▸ About this task
Only one portion of the data is to be written out: from the line bearing "cfblk1 : hdlsllib/Logic" through the line bearing "alike) : Reshape". Write it exactly as it appears.

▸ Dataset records

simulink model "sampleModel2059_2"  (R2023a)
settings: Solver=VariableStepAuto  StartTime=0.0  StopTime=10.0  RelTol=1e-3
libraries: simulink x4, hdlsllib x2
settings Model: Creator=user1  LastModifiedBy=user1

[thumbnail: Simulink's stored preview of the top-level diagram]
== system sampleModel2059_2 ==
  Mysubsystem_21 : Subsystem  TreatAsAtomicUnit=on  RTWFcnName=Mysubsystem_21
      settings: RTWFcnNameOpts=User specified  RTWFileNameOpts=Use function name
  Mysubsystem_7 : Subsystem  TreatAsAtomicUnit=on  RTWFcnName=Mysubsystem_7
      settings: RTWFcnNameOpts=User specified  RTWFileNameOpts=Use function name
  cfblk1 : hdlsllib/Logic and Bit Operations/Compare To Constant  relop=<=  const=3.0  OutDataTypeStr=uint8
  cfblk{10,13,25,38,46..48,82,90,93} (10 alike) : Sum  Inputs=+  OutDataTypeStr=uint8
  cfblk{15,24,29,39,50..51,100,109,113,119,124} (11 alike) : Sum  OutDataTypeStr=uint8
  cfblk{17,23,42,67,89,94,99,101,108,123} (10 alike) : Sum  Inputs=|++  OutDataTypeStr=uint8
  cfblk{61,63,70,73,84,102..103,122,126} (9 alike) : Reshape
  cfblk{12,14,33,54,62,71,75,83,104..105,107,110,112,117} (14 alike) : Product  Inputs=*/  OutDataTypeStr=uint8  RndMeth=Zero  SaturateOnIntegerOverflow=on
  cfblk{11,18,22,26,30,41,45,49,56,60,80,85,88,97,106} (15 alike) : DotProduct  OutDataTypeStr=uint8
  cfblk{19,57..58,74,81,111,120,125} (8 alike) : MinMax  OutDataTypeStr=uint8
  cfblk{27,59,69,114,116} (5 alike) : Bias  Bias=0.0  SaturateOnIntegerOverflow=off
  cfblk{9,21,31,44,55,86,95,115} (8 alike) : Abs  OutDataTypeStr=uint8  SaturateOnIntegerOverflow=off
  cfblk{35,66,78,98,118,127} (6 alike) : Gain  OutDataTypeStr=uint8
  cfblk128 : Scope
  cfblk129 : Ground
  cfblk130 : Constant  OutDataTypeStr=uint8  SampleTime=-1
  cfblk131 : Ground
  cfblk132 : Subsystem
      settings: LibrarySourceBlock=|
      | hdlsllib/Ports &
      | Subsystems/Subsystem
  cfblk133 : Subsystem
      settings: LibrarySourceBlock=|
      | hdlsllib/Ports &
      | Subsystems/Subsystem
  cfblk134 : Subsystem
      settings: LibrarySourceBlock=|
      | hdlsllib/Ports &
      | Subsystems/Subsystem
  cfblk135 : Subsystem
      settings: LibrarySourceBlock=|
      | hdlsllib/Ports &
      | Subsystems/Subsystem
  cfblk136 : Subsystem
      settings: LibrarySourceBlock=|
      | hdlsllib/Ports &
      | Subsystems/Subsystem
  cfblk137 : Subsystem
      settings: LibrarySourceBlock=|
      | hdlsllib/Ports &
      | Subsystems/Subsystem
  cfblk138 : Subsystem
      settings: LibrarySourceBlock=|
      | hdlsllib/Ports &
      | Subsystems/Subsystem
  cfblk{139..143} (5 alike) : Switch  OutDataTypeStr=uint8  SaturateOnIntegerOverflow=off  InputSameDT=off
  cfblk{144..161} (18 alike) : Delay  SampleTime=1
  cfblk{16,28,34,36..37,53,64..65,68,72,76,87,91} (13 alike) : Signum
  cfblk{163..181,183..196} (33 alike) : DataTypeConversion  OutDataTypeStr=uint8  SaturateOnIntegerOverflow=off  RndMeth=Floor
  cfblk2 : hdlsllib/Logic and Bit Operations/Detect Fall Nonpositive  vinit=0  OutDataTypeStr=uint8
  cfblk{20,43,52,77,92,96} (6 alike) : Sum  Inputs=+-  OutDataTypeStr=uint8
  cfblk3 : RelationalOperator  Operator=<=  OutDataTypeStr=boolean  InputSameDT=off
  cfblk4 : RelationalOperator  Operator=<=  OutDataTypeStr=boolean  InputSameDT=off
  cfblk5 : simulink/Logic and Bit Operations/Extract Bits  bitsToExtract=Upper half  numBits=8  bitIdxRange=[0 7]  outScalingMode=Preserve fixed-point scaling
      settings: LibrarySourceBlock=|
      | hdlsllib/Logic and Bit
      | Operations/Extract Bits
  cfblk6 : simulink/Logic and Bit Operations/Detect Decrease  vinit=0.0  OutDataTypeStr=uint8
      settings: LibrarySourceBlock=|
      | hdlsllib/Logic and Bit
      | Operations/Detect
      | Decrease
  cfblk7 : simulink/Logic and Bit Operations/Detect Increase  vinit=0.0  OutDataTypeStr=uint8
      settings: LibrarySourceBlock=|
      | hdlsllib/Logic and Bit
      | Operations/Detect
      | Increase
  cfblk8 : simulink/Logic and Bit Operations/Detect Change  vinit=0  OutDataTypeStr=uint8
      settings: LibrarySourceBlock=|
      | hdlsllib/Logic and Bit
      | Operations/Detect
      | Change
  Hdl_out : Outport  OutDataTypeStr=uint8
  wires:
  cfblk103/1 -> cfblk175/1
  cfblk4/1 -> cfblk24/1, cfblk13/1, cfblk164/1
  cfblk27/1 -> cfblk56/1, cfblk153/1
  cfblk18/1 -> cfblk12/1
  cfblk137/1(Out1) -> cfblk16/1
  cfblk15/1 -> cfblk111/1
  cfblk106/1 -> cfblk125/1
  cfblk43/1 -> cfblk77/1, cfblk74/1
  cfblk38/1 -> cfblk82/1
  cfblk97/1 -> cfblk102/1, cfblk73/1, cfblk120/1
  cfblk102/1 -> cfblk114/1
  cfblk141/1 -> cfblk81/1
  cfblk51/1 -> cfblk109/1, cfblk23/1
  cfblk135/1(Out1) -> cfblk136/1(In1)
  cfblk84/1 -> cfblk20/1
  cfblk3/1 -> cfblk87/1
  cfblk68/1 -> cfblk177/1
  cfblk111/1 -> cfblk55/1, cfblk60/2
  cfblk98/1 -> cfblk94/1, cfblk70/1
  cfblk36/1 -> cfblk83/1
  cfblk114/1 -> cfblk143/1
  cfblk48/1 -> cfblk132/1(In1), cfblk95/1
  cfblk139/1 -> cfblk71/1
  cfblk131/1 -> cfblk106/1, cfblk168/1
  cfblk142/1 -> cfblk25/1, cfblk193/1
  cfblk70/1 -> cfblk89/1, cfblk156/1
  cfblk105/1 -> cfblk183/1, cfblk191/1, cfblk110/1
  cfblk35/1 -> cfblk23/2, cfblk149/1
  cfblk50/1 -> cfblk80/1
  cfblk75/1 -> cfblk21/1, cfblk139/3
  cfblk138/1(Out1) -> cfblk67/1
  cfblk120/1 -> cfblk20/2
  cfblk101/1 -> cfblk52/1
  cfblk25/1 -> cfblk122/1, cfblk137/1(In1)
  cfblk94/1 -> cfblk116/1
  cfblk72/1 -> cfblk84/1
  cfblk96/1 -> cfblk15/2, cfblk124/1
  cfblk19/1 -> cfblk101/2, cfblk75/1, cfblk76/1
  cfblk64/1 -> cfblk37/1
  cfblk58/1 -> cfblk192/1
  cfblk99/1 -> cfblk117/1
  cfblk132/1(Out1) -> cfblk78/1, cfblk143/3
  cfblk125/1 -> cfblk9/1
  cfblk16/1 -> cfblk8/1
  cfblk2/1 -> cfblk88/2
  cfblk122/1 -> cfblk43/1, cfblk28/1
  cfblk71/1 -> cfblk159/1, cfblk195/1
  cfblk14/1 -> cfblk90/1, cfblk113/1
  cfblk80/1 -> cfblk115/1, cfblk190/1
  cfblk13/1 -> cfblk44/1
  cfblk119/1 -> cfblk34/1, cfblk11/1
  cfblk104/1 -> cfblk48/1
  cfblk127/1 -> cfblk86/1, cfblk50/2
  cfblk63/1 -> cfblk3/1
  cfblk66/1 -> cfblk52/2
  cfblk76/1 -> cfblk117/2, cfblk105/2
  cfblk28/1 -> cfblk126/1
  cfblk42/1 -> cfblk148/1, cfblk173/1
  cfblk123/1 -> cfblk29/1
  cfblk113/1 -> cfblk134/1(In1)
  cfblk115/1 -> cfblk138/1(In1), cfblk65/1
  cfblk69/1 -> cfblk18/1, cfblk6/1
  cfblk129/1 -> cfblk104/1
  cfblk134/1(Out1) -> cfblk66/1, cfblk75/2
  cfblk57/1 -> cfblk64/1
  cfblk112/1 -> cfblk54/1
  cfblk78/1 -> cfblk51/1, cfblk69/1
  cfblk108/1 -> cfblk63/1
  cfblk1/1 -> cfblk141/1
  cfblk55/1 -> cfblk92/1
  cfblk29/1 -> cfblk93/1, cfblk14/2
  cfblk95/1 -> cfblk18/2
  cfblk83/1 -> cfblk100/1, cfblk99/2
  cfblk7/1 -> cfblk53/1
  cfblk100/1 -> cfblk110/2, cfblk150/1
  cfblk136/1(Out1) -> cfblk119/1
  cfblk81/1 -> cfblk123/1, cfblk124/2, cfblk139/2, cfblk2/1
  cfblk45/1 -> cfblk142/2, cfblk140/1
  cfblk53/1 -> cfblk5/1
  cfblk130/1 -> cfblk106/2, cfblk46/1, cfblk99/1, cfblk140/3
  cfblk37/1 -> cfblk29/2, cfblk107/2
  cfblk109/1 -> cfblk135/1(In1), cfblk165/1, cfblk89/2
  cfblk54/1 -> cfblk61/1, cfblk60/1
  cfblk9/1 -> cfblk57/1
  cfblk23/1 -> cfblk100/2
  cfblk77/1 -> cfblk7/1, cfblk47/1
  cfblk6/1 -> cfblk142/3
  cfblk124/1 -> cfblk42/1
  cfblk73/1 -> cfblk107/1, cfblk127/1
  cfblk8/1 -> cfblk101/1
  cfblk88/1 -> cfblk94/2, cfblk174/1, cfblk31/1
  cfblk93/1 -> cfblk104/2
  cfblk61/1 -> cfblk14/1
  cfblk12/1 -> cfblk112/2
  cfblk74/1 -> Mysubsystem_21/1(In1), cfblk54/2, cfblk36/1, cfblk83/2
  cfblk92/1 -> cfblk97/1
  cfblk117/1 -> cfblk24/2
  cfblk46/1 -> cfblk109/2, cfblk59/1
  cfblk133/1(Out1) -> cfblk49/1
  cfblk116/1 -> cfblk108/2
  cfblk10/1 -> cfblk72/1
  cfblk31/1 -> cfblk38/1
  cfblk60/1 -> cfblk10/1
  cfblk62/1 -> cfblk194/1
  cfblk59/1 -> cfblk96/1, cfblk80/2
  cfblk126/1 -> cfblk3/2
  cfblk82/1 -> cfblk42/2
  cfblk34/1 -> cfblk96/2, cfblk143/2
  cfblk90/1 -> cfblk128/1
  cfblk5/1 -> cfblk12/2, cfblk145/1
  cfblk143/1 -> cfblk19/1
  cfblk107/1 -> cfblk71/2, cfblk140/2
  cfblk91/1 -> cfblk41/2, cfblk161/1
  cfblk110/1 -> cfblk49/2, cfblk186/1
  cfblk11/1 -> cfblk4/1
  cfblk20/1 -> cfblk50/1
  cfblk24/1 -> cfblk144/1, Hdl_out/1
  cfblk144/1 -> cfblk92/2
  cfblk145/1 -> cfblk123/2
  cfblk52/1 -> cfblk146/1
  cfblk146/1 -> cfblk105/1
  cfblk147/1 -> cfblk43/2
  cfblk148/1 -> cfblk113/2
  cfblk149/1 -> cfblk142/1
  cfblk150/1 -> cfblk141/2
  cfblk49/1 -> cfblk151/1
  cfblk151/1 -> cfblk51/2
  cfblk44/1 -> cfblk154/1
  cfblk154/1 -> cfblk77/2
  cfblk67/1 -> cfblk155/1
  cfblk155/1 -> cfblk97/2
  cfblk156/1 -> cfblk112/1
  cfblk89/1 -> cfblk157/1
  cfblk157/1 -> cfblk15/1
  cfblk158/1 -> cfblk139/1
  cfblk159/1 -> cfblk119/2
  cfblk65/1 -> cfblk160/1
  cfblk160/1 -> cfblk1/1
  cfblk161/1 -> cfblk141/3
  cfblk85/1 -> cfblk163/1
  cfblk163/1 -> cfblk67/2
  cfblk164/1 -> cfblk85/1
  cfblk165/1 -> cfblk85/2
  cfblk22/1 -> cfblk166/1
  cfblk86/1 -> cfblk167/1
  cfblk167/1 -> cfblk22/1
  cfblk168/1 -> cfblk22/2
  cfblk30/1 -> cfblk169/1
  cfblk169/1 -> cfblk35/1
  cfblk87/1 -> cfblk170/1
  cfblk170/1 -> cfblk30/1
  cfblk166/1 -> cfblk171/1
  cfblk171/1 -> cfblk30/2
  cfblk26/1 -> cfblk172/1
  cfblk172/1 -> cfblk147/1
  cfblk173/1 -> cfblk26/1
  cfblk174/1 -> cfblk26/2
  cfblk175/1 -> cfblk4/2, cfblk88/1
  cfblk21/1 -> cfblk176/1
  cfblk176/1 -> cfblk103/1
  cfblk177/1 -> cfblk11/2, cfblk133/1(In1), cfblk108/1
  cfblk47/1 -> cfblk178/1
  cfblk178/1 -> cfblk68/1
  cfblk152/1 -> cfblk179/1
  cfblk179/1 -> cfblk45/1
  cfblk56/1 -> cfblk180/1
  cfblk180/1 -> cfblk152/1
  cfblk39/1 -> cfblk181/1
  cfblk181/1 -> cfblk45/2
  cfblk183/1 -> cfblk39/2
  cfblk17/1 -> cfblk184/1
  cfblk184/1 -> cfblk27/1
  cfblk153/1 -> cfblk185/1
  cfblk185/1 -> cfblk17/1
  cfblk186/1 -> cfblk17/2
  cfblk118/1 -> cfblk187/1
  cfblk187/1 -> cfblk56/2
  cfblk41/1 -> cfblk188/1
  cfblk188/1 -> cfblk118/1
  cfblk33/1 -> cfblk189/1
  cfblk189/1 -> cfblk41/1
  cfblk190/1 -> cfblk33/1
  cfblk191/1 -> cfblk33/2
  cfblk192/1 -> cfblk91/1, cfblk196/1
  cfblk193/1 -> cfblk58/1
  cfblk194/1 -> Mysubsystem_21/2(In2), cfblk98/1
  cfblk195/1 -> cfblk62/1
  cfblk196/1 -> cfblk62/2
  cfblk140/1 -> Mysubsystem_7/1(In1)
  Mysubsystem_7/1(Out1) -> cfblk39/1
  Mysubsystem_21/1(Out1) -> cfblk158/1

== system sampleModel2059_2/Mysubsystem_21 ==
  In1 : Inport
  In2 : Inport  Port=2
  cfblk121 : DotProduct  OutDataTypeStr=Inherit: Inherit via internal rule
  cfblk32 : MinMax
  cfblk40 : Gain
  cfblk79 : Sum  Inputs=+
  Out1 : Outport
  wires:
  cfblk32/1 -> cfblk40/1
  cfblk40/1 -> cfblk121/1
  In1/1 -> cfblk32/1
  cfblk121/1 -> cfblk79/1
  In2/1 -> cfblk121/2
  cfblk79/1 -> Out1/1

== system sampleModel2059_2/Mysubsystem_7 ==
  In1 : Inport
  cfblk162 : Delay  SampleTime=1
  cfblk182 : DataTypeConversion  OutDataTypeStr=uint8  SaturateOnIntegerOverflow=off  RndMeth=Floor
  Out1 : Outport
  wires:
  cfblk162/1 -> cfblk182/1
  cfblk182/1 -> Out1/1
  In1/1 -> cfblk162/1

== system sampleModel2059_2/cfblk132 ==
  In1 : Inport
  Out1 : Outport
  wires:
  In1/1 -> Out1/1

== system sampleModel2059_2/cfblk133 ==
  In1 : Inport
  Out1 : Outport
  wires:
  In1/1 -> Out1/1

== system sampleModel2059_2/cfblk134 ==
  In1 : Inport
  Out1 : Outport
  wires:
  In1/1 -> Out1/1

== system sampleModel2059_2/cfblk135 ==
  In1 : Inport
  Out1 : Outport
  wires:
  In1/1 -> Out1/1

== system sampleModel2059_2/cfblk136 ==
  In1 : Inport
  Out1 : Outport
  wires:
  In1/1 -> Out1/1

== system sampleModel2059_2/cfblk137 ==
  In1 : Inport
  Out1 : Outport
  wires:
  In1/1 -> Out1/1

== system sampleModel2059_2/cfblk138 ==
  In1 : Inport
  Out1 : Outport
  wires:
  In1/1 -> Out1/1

▸ Answer area
  cfblk1 : hdlsllib/Logic and Bit Operations/Compare To Constant  relop=<=  const=3.0  OutDataTypeStr=uint8
  cfblk{10,13,25,38,46..48,82,90,93} (10 alike) : Sum  Inputs=+  OutDataTypeStr=uint8
  cfblk{15,24,29,39,50..51,100,109,113,119,124} (11 alike) : Sum  OutDataTypeStr=uint8
  cfblk{17,23,42,67,89,94,99,101,108,123} (10 alike) : Sum  Inputs=|++  OutDataTypeStr=uint8
  cfblk{61,63,70,73,84,102..103,122,126} (9 alike) : Reshape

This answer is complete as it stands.